* **Instructions for the task**
Take each line from the material below that includes the string "settings" and copy it.

* **The input**
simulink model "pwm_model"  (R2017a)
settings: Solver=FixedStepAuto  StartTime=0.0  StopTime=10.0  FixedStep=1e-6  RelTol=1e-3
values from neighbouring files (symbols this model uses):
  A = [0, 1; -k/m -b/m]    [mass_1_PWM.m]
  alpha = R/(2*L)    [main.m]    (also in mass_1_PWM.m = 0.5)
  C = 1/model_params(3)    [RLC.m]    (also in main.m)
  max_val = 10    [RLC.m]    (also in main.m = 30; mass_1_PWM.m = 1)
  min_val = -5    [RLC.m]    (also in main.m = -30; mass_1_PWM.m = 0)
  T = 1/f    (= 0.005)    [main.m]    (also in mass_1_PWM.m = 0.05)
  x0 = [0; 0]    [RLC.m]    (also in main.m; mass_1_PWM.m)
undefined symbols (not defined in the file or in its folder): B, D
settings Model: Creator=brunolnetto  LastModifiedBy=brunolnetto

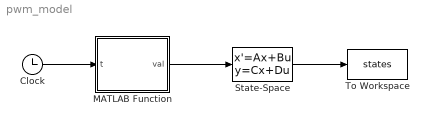
== system pwm_model ==
  Clock : Clock
  MATLAB Function : MATLAB Function  TreatAsAtomicUnit=on
  State-Space : StateSpace  A=A  B=B  C=C  D=D  X0=x0
  To Workspace : ToWorkspace  VariableName=states  SaveFormat=Structure With Time  SampleTime=-1
  wires:
  State-Space/1 -> To Workspace/1
  MATLAB Function/1(val) -> State-Space/1
  Clock/1 -> MATLAB Function/1(t)

== matlab function pwm_model/MATLAB Function ==
  data: t input; val output; max_val parameter; min_val parameter; alpha parameter; T parameter
function val = pwm_signal(t, max_val, min_val, alpha, T)
    persistent t0;
    if(isempty(t0))
        t0 = 0;
    end
    
    if(t == 0)
        t0 = 0;
    end

    if(t - t0 > T)
        t0 = t;
    end

    t_i = t - t0;
    
    if(t_i < alpha*T)
        val = max_val;
    else
        val = min_val;
    end
end

* **Exercise response**
settings: Solver=FixedStepAuto  StartTime=0.0  StopTime=10.0  FixedStep=1e-6  RelTol=1e-3
settings Model: Creator=brunolnetto  LastModifiedBy=brunolnetto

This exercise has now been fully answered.